她把圍巾搶了回來,“你太霸道了,我的東西你不能說拿就拿。”
黎敬州面無表情的看著她,他的眼神摻了些冷意,很淡薄,看得人心發慌。
姜綏寧被他的目光威懾,頓了頓,才說:“不能給你。”
黎敬州垂眸,像是在思索,下一刻,他說:“知道了,你留著。”
姜綏寧沒吭氣,看著他。
黎敬州起身,去給她添茶了。
恰好夏彤的簡訊發過來。
【綏寧,明天陪我去個地方。】
【推著輪椅去會不會影響你形象?】
【你人美,披麻袋都不影響。】
姜綏寧發了個ok,和夏彤約好了時間地點。
黎敬州將溫茶放在她面前,茶香和他身上黑檀冷淡的香氣交融在一起,有一種致命的好聞。
某種程度上而言,有成癮性。
姜綏寧捧著茶喝,輕嘆一聲,“好香的茶。”
黎敬州看著姜綏寧在陽光下,被拉得很長很長的影子。
他垂眸,壓住眸中情緒,‘嗯’了聲。
人總是貪心不足的。
從前他覺得,只要姜綏寧能活著,怎麼都好。而如今,他在不知不覺中,已經開始所求更多。
黎敬州知道,人最忌諱貪心。
所以他頓了頓,說:“剛剛的事你別放在心上,是我唐突。”
姜綏寧愣了一下,才反應過來他在說什麼。
她下意識看向黎敬州,他在晨昏光影間,五官的輪廓深刻,明暗皆完美,漂亮得好似上帝所做的藝術品。
只是此時此刻,他臉上的情緒有些許脆弱。
脆弱。
這個詞無論如何,都不該和黎敬州聯絡在一起。
姜綏寧知道。
她一定是看錯了。
姜灰灰到了新環境也不認生,撒歡似的繞著床跑來跑去。
姜綏寧夜裡睡得很安穩,以至於夏彤發訊息催促她起床時,她還有點戀戀不捨。
“能不能再睡30分鐘?”姜綏寧討價還價,“這天太冷了,我的床根本不讓我起來!”
夏彤氣夠嗆,“不行,我現在就在公司樓下,你趕緊的過來!”
姜綏寧長嘆一聲,抱怨,“我現在是個殘疾人!”
話是這麼說,姜綏寧還是從床上爬了起來,推著輪椅出了門。
兩個小姑娘並排坐在計程車後頭。
姜綏寧看著車子往淺水灣開過去了。
真是巧了,自己昨天去的也是那兒。
“我們去淺水灣?”
夏彤說:“對,帶你去見我爸。
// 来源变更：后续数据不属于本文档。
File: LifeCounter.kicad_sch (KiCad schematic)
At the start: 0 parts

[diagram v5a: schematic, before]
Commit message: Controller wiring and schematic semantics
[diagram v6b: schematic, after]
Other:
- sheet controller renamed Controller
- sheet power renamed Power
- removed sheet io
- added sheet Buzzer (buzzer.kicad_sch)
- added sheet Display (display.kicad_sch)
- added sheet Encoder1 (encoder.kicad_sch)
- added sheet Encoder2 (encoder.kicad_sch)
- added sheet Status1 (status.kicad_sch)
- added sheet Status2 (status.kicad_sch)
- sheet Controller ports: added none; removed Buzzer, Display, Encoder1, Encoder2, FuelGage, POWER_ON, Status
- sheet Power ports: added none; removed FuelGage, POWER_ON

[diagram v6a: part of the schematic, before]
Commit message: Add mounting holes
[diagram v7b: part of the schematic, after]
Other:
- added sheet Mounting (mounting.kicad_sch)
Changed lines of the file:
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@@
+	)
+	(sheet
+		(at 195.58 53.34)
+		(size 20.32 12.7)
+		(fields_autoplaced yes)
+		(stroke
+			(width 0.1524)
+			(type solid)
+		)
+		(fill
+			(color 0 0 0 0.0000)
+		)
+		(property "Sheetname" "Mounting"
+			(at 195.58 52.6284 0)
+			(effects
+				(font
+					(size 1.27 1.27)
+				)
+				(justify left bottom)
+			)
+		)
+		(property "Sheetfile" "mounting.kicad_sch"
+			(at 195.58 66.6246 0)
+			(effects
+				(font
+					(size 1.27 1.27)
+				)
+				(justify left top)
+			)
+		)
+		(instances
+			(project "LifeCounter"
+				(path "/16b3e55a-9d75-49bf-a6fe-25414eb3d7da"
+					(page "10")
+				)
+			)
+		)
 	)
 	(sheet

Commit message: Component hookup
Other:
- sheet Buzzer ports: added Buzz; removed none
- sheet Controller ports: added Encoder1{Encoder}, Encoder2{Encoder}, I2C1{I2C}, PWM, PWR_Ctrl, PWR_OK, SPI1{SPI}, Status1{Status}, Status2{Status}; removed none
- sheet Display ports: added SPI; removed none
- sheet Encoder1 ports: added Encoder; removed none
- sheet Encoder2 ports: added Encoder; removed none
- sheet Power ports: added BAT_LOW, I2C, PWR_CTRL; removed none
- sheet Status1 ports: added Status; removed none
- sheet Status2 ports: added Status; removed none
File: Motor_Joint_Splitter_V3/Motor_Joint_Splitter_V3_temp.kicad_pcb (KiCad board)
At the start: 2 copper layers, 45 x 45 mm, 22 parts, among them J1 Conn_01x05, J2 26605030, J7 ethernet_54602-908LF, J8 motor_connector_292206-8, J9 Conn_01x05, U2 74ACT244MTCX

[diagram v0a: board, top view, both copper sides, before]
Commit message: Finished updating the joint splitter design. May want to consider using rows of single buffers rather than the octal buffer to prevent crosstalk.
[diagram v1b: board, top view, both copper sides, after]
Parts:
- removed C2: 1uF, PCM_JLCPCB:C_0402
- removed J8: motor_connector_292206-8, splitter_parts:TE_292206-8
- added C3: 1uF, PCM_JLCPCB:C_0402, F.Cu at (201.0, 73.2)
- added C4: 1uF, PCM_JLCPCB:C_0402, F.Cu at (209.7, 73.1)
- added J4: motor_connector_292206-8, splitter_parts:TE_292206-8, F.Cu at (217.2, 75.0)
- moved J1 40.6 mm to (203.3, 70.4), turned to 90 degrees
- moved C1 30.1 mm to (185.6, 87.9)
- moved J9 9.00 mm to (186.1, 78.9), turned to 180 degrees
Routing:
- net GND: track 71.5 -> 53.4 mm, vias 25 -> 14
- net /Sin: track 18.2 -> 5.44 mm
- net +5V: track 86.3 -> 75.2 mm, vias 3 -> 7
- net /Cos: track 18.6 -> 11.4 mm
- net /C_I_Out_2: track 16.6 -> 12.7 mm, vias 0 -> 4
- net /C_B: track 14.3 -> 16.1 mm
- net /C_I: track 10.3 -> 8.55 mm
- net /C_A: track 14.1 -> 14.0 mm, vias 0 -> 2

”
姜綏寧眼珠子都瞪出來了。
她和夏彤認識這麼久,一直以為夏彤孑然一身。
七年前剛認識的時候,姜綏寧以為夏彤是勵志少女,無父無母,自己苦苦支撐著一家刺青店。
“不是你爸是誰啊?”
“夏明川。”
“那個航運巨頭,夏氏集團董事長,夏明川?”姜綏寧深感不可思議。
夏彤點頭,預設了。
姜綏寧忍不住追問,“淺水灣那最大的那塊地,就是夏家的莊園吧?”
夏彤的唇角浮現出一抹自嘲笑意,“對啊,我第一次去還迷路了。”
姜綏寧察覺了,她說:“你和夏明川”
“私生女。”夏彤淡淡地說:“就是最見不得光的那種,人人喊打的私生女,我從夏家祠堂走一圈,我都能被打死。”
姜綏寧沉默一瞬。
她拍拍夏彤的肩膀,試圖讓語氣輕快一些,調侃道:“那我現在不會是去陪你捱打吧?”
本來挺凝重的。
被姜綏寧這麼一打岔,有點變味。
夏彤笑了,道:“那倒也不至於!就是一個人去,有點怵得慌。萬一,他們對我動手了,你就幫我報警。”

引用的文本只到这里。